2018, Bitmain, and the fall in cryptocurrency mining

As crypto’s value has dropped across the board, so too has the cost effectiveness of crypto mining, and nowhere has felt the pinch harder than Bitcoin miners…

The price of Bitcoin needs to be around $4500-5000 for it to be financially worthwhile to mine and, as of writing, it’s sitting at around $3749.

Over Christmas Bitmain confirmed that it had been forced to lay off a significant number of staff because of the issue, with seemingly no light at the end of the tunnel, saying in a statement: “A part of [it] is having to really focus on things that are core to that mission and not things that are auxiliary. As we move into the new year we will continue to double down on hiring the best talent from a diverse range of backgrounds.”

Earlier in the month Bitmain had already announced the closure of its premises in Israel, attributing the move to falling crypto values.

“The crypto market has undergone a shake-up in the past few months, which has forced Bitmain to examine its various activities around the globe and to refocus its business in accordance with the current situation,” boss Gadi Glikberg reportedly told staff.

Mining tech firm NVidia has also been hit, as its most recent earnings report falling way below expectations. As such, the original estimated earnings of $3.4 billion for Q4 have dropped to between $2.65-2.75 billion. CEO Jensen Huang spoke about the company’s troubles, assuring interested parties that the stock fall is down to excess channel inventory following the crypto boom at the start of the year.
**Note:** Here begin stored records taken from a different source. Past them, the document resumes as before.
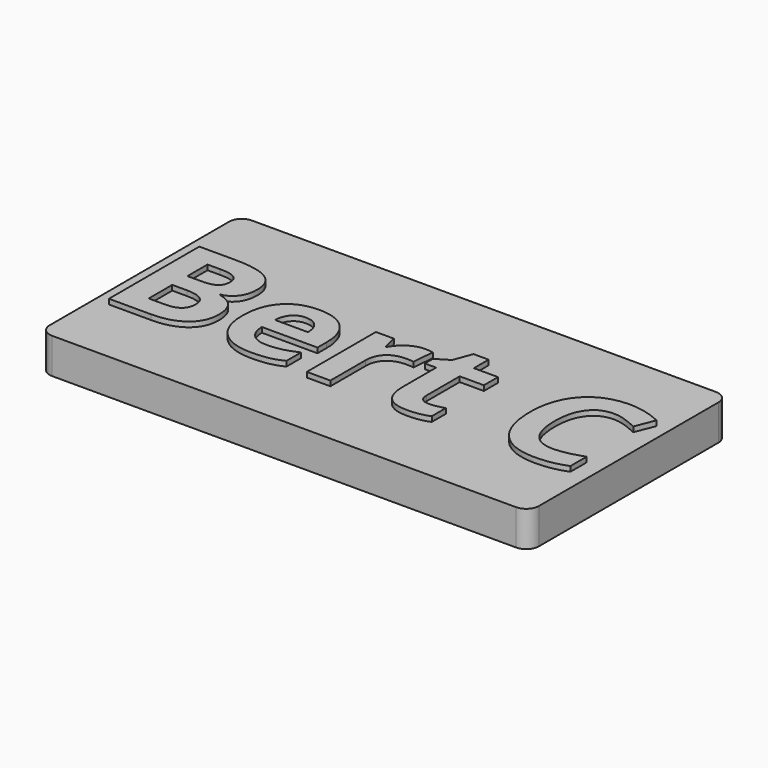
from build123d import *

# Parameters (mm, degrees)
F0_W         = 38.6
F0_H         = 19.7
F0_TEXT_SIZE = 12.4806804626
F1_DEPTH     = 2.8
F2_DEPTH     = 3.2
F3_R         = 1


# Not quite as in the source:
# - Text() gives the source's letters only with a copy of the font that has no kerning and outlines rounded to 1/6400 em; it was checked with that copy


with BuildPart() as f1:
    # F0 (on Top) → F1 (new body)
    with BuildSketch(Plane.XY):
        with Locations((-4.5407602289, 9.85)):
            Rectangle(F0_W, F0_H)
        with BuildLine():
            add(Edge.make_bspline(
                [(-10.0437579988, 5.4416370639), (-10.5975881943, 5.3226805782), (-11.3971317864, 5.3226805782)],
                knots=[0, 0, 0, 1, 1, 1], degree=2))
            add(Edge.make_bspline(
                [(-11.3971317864, 5.3226805782), (-13.0410714161, 5.3226805782), (-13.9673719192, 6.2314301244)],
                knots=[0, 0, 0, 1, 1, 1], degree=2))
            add(Edge.make_bspline(
                [(-13.9673719192, 6.2314301244), (-14.8936724223, 7.1401796706), (-14.8936724223, 8.8036203635)],
                knots=[0, 0, 0, 1, 1, 1], degree=2))
            add(Edge.make_bspline(
                [(-14.8936724223, 8.8036203635), (-14.8936724223, 10.5158137144), (-14.0375757468, 11.450889696)],
                knots=[0, 0, 0, 1, 1, 1], degree=2))
            add(Edge.make_bspline(
                [(-14.0375757468, 11.450889696), (-13.1814790713, 12.3859656775), (-11.6701466716, 12.3859656775)],
                knots=[0, 0, 0, 1, 1, 1], degree=2))
            add(Edge.make_bspline(
                [(-11.6701466716, 12.3859656775), (-10.2270679931, 12.3859656775), (-9.4226491351, 11.5639958627)],
                knots=[0, 0, 0, 1, 1, 1], degree=2))
            add(Edge.make_bspline(
                [(-9.4226491351, 11.5639958627), (-8.6182302772, 10.7420260478), (-8.6182302772, 9.291146944)],
                knots=[0, 0, 0, 1, 1, 1], degree=2))
            Line((-8.6182302772, 9.291146944), (-8.6182302772, 8.3882477168))
            Line((-8.6182302772, 8.3882477168), (-13.0118198213, 8.3882477168))
            add(Edge.make_bspline(
                [(-13.0118198213, 8.3882477168), (-12.9806181201, 7.59650455), (-12.5418441976, 7.1518803085)],
                knots=[0, 0, 0, 1, 1, 1], degree=2))
            add(Edge.make_bspline(
                [(-12.5418441976, 7.1518803085), (-12.1030702751, 6.707256067), (-11.3113271083, 6.707256067)],
                knots=[0, 0, 0, 1, 1, 1], degree=2))
            add(Edge.make_bspline(
                [(-11.3113271083, 6.707256067), (-10.6950935104, 6.707256067), (-10.1471136338, 6.8349880311)],
                knots=[0, 0, 0, 1, 1, 1], degree=2))
            add(Edge.make_bspline(
                [(-10.1471136338, 6.8349880311), (-9.5991337573, 6.9627199952), (-9.0024012227, 7.2435353056)],
                knots=[0, 0, 0, 1, 1, 1], degree=2))
            Line((-9.0024012227, 7.2435353056), (-9.0024012227, 5.8043568398))
            add(Edge.make_bspline(
                [(-9.0024012227, 5.8043568398), (-9.4899278032, 5.5605935495), (-10.0437579988, 5.4416370639)],
                knots=[0, 0, 0, 1, 1, 1], degree=2))
        make_face(mode=Mode.SUBTRACT)
        with BuildLine():
            add(Edge.make_bspline(
                [(-4.4771795018, 12.0359215927), (-3.9379751037, 12.3859656775), (-3.3041905489, 12.3859656775)],
                knots=[0, 0, 0, 1, 1, 1], degree=2))
            add(Edge.make_bspline(
                [(-3.3041905489, 12.3859656775), (-2.9258699224, 12.3859656775), (-2.6762563132, 12.3313627005)],
                knots=[0, 0, 0, 1, 1, 1], degree=2))
            Line((-2.6762563132, 12.3313627005), (-2.8166639684, 10.5899177547))
            add(Edge.make_bspline(
                [(-2.8166639684, 10.5899177547), (-3.0428763018, 10.6503710507), (-3.3646438449, 10.6503710507)],
                knots=[0, 0, 0, 1, 1, 1], degree=2))
            add(Edge.make_bspline(
                [(-3.3646438449, 10.6503710507), (-4.2538923279, 10.6503710507), (-4.7511694401, 10.1930711181)],
                knots=[0, 0, 0, 1, 1, 1], degree=2))
            add(Edge.make_bspline(
                [(-4.7511694401, 10.1930711181), (-5.2484465523, 9.7357711855), (-5.2484465523, 8.9128263175)],
                knots=[0, 0, 0, 1, 1, 1], degree=2))
            Line((-5.2484465523, 8.9128263175), (-5.2484465523, 5.4455372765))
            Line((-5.2484465523, 5.4455372765), (-7.1068978774, 5.4455372765))
            Line((-7.1068978774, 5.4455372765), (-7.1068978774, 12.2592087666))
            Line((-7.1068978774, 12.2592087666), (-5.6989211127, 12.2592087666))
            Line((-5.6989211127, 12.2592087666), (-5.4239561213, 11.1125462491))
            Line((-5.4239561213, 11.1125462491), (-5.3342512304, 11.1125462491))
            add(Edge.make_bspline(
                [(-5.3342512304, 11.1125462491), (-5.0163838999, 11.6858775078), (-4.4771795018, 12.0359215927)],
                knots=[0, 0, 0, 1, 1, 1], degree=2))
        make_face(mode=Mode.SUBTRACT)
        with BuildLine():
            add(Edge.make_bspline(
                [(0.8417354922, 6.9939216964), (1.064047613, 6.8047613831), (1.4306676016, 6.8047613831)],
                knots=[0, 0, 0, 1, 1, 1], degree=2))
            add(Edge.make_bspline(
                [(1.4306676016, 6.8047613831), (1.9181941821, 6.8047613831), (2.6007313949, 7.0173229723)],
                knots=[0, 0, 0, 1, 1, 1], degree=2))
            Line((2.6007313949, 7.0173229723), (2.6007313949, 5.6346975898))
            add(Edge.make_bspline(
                [(2.6007313949, 5.6346975898), (1.9064935442, 5.3226805782), (0.8943883629, 5.3226805782)],
                knots=[0, 0, 0, 1, 1, 1], degree=2))
            add(Edge.make_bspline(
                [(0.8943883629, 5.3226805782), (-0.2210724534, 5.3226805782), (-0.7300502035, 5.8872363585)],
                knots=[0, 0, 0, 1, 1, 1], degree=2))
            add(Edge.make_bspline(
                [(-0.7300502035, 5.8872363585), (-1.2390279536, 6.4517921388), (-1.2390279536, 7.5789535931)],
                knots=[0, 0, 0, 1, 1, 1], degree=2))
            Line((-1.2390279536, 7.5789535931), (-1.2390279536, 10.8629326398))
            Line((-1.2390279536, 10.8629326398), (-2.1282764366, 10.8629326398))
            Line((-2.1282764366, 10.8629326398), (-2.1282764366, 11.6488254877))
            Line((-2.1282764366, 11.6488254877), (-1.1044706174, 12.2709094045))
            Line((-1.1044706174, 12.2709094045), (-0.5681913788, 13.7100878703))
            Line((-0.5681913788, 13.7100878703), (0.6194233715, 13.7100878703))
            Line((0.6194233715, 13.7100878703), (0.6194233715, 12.2592087666))
            Line((0.6194233715, 12.2592087666), (2.5266273547, 12.2592087666))
            Line((2.5266273547, 12.2592087666), (2.5266273547, 10.8629326398))
            Line((2.5266273547, 10.8629326398), (0.6194233715, 10.8629326398))
            Line((0.6194233715, 10.8629326398), (0.6194233715, 7.5789535931))
            add(Edge.make_bspline(
                [(0.6194233715, 7.5789535931), (0.6194233715, 7.1830820097), (0.8417354922, 6.9939216964)],
                knots=[0, 0, 0, 1, 1, 1], degree=2))
        make_face(mode=Mode.SUBTRACT)
        with BuildLine():
            Line((-22.7194490936, 5.4455372765), (-22.7194490936, 14.355573063))
            Line((-22.7194490936, 14.355573063), (-19.9463979033, 14.355573063))
            add(Edge.make_bspline(
                [(-19.9463979033, 14.355573063), (-18.0508945581, 14.355573063), (-17.1947978826, 13.8163686649)],
                knots=[0, 0, 0, 1, 1, 1], degree=2))
            add(Edge.make_bspline(
                [(-17.1947978826, 13.8163686649), (-16.3387012071, 13.2771642668), (-16.3387012071, 12.1012501545)],
                knots=[0, 0, 0, 1, 1, 1], degree=2))
            add(Edge.make_bspline(
                [(-16.3387012071, 12.1012501545), (-16.3387012071, 11.3017065623), (-16.713121621, 10.7898036527)],
                knots=[0, 0, 0, 1, 1, 1], degree=2))
            add(Edge.make_bspline(
                [(-16.713121621, 10.7898036527), (-17.0875420349, 10.2779007431), (-17.7096259517, 10.174545108)],
                knots=[0, 0, 0, 1, 1, 1], degree=2))
            Line((-17.7096259517, 10.174545108), (-17.7096259517, 10.114091812))
            add(Edge.make_bspline(
                [(-17.7096259517, 10.114091812), (-16.8632798078, 9.9249314988), (-16.4878843408, 9.4071782702)],
                knots=[0, 0, 0, 1, 1, 1], degree=2))
            add(Edge.make_bspline(
                [(-16.4878843408, 9.4071782702), (-16.1124888737, 8.8894250417), (-16.1124888737, 8.0294281535)],
                knots=[0, 0, 0, 1, 1, 1], degree=2))
            add(Edge.make_bspline(
                [(-16.1124888737, 8.0294281535), (-16.1124888737, 6.8106117021), (-16.9939369314, 6.1280744893)],
                knots=[0, 0, 0, 1, 1, 1], degree=2))
            add(Edge.make_bspline(
                [(-16.9939369314, 6.1280744893), (-17.8753849891, 5.4455372765), (-19.3867173888, 5.4455372765)],
                knots=[0, 0, 0, 1, 1, 1], degree=2))
            Line((-19.3867173888, 5.4455372765), (-22.7194490936, 5.4455372765))
        make_face(mode=Mode.SUBTRACT)
        with BuildLine():
            add(Edge.make_bspline(
                [(12.1445517362, 12.734059656), (11.6394741987, 12.9105442782), (11.1519476182, 12.9105442782)],
                knots=[0, 0, 0, 1, 1, 1], degree=2))
            add(Edge.make_bspline(
                [(11.1519476182, 12.9105442782), (10.0852394599, 12.9105442782), (9.5002075632, 12.1090505797)],
                knots=[0, 0, 0, 1, 1, 1], degree=2))
            add(Edge.make_bspline(
                [(9.5002075632, 12.1090505797), (8.9151756665, 11.3075568813), (8.9151756665, 9.8761788407)],
                knots=[0, 0, 0, 1, 1, 1], degree=2))
            add(Edge.make_bspline(
                [(8.9151756665, 9.8761788407), (8.9151756665, 6.8964163803), (11.1519476182, 6.8964163803)],
                knots=[0, 0, 0, 1, 1, 1], degree=2))
            add(Edge.make_bspline(
                [(11.1519476182, 6.8964163803), (12.0899487592, 6.8964163803), (13.4238214836, 7.3644418976)],
                knots=[0, 0, 0, 1, 1, 1], degree=2))
            Line((13.4238214836, 7.3644418976), (13.4238214836, 5.7809555639))
            add(Edge.make_bspline(
                [(13.4238214836, 5.7809555639), (12.3278617305, 5.3226805782), (10.9744879428, 5.3226805782)],
                knots=[0, 0, 0, 1, 1, 1], degree=2))
            add(Edge.make_bspline(
                [(10.9744879428, 5.3226805782), (9.0302319395, 5.3226805782), (8.0005758013, 6.5024949032)],
                knots=[0, 0, 0, 1, 1, 1], degree=2))
            add(Edge.make_bspline(
                [(8.0005758013, 6.5024949032), (6.9709196632, 7.6823092282), (6.9709196632, 9.8878794787)],
                knots=[0, 0, 0, 1, 1, 1], degree=2))
            add(Edge.make_bspline(
                [(6.9709196632, 9.8878794787), (6.9709196632, 11.2783052865), (7.4769722538, 12.3235622752)],
                knots=[0, 0, 0, 1, 1, 1], degree=2))
            add(Edge.make_bspline(
                [(7.4769722538, 12.3235622752), (7.9830248444, 13.3688192639), (8.9307765171, 13.925574619)],
                knots=[0, 0, 0, 1, 1, 1], degree=2))
            add(Edge.make_bspline(
                [(8.9307765171, 13.925574619), (9.8785281897, 14.482329974), (11.1519476182, 14.482329974)],
                knots=[0, 0, 0, 1, 1, 1], degree=2))
            add(Edge.make_bspline(
                [(11.1519476182, 14.482329974), (12.4487683225, 14.482329974), (13.7592397711, 13.8563458445)],
                knots=[0, 0, 0, 1, 1, 1], degree=2))
            Line((13.7592397711, 13.8563458445), (13.1508065985, 12.3196620626))
            add(Edge.make_bspline(
                [(13.1508065985, 12.3196620626), (12.6496292737, 12.5575750339), (12.1445517362, 12.734059656)],
                knots=[0, 0, 0, 1, 1, 1], degree=2))
        make_face(mode=Mode.SUBTRACT)
        with BuildLine():
            Line((-20.8297960673, 12.8071886431), (-20.8297960673, 10.8258806197))
            Line((-20.8297960673, 10.8258806197), (-19.7338363142, 10.8258806197))
            add(Edge.make_bspline(
                [(-19.7338363142, 10.8258806197), (-18.9654944232, 10.8258806197), (-18.6213006573, 11.063793591)],
                knots=[0, 0, 0, 1, 1, 1], degree=2))
            add(Edge.make_bspline(
                [(-18.6213006573, 11.063793591), (-18.2771068915, 11.3017065623), (-18.2771068915, 11.8496864389)],
                knots=[0, 0, 0, 1, 1, 1], degree=2))
            add(Edge.make_bspline(
                [(-18.2771068915, 11.8496864389), (-18.2771068915, 12.3625644016), (-18.6515273053, 12.5848765224)],
                knots=[0, 0, 0, 1, 1, 1], degree=2))
            add(Edge.make_bspline(
                [(-18.6515273053, 12.5848765224), (-19.0259477192, 12.8071886431), (-19.8371919493, 12.8071886431)],
                knots=[0, 0, 0, 1, 1, 1], degree=2))
            Line((-19.8371919493, 12.8071886431), (-20.8297960673, 12.8071886431))
        make_face()
        with BuildLine():
            Line((-19.659732274, 9.3281989642), (-20.8297960673, 9.3281989642))
            Line((-20.8297960673, 9.3281989642), (-20.8297960673, 7.0056223343))
            Line((-20.8297960673, 7.0056223343), (-19.599278978, 7.0056223343))
            add(Edge.make_bspline(
                [(-19.599278978, 7.0056223343), (-18.8192364491, 7.0056223343), (-18.4477411947, 7.3039886016)],
                knots=[0, 0, 0, 1, 1, 1], degree=2))
            add(Edge.make_bspline(
                [(-18.4477411947, 7.3039886016), (-18.0762459403, 7.6023548689), (-18.0762459403, 8.2185884668)],
                knots=[0, 0, 0, 1, 1, 1], degree=2))
            add(Edge.make_bspline(
                [(-18.0762459403, 8.2185884668), (-18.0762459403, 9.3281989642), (-19.659732274, 9.3281989642)],
                knots=[0, 0, 0, 1, 1, 1], degree=2))
        make_face()
        with BuildLine():
            add(Edge.make_bspline(
                [(-10.7204448926, 10.6893731771), (-11.067563818, 11.063793591), (-11.6584460336, 11.063793591)],
                knots=[0, 0, 0, 1, 1, 1], degree=2))
            add(Edge.make_bspline(
                [(-11.6584460336, 11.063793591), (-12.2493282493, 11.063793591), (-12.5847465367, 10.6893731771)],
                knots=[0, 0, 0, 1, 1, 1], degree=2))
            add(Edge.make_bspline(
                [(-12.5847465367, 10.6893731771), (-12.9201648241, 10.3149527632), (-12.9689174822, 9.6265652315)],
                knots=[0, 0, 0, 1, 1, 1], degree=2))
            Line((-12.9689174822, 9.6265652315), (-10.359675223, 9.6265652315))
            add(Edge.make_bspline(
                [(-10.359675223, 9.6265652315), (-10.3733259672, 10.3149527632), (-10.7204448926, 10.6893731771)],
                knots=[0, 0, 0, 1, 1, 1], degree=2))
        make_face()
        with Locations((-23.8407602289, 5.4455372765)):
            Text('Bert C', F0_TEXT_SIZE, font='Open Sans', font_style=FontStyle.BOLD, text_align=(TextAlign.LEFT, TextAlign.BOTTOM))
    extrude(amount=F1_DEPTH)

    # F0 (on Top) → F2 (join)
    with BuildSketch(Plane.XY):
        with Locations((-23.8407602289, 5.4455372765)):
            Text('Bert C', F0_TEXT_SIZE, font='Open Sans', font_style=FontStyle.BOLD, text_align=(TextAlign.LEFT, TextAlign.BOTTOM))
    extrude(amount=F2_DEPTH)

    # F3
    f3_edges = [f1.edges().sort_by_distance(p)[0] for p in [
        (14.75924, 0, 1.4),
        (14.75924, 19.7, 1.4),
        (-23.84076, 0, 1.4),
        (-23.84076, 19.7, 1.4),
    ]]
    fillet(f3_edges, radius=F3_R)


solid = f1.part

Adding to their troubles, last month it was reported that Bitmain had been allegedly using its customer’s devices in order to mine crypto for itself, after a $5 million lawsuit filed by someone affected made allegations against the company. The plaintiff said that Bitmain had taken advantage of the initialisation phase for its Antminer s9 device, mining Bitcoin for its own gain.

GigaWatt, an early player in Bitcoin mining, announced that it had filed for bankruptcy in November, with an estimated $70 million owed to creditors. The closure seemed again to signal the fallout from the boom of late 2017-early 2018, with others sure to follow.

On a basic level, Bitcoin mining at home has become completely unprofitable, as the amount of computing power needed costs far more than can be earned by entrepreneurial miners. This impacted individuals first, of course, because they probably don’t have the resources to move to areas in which power is cheap.

As the fate of crypto and Bitcoin remain unclear, mining operations must wait for things to move in either direction before they can exit crash positions. Overall, 2018 has been a troubling year for the entire community, but companies like Bitmain and NVidia have suffered significantly with further stories in the same vein surely on their way.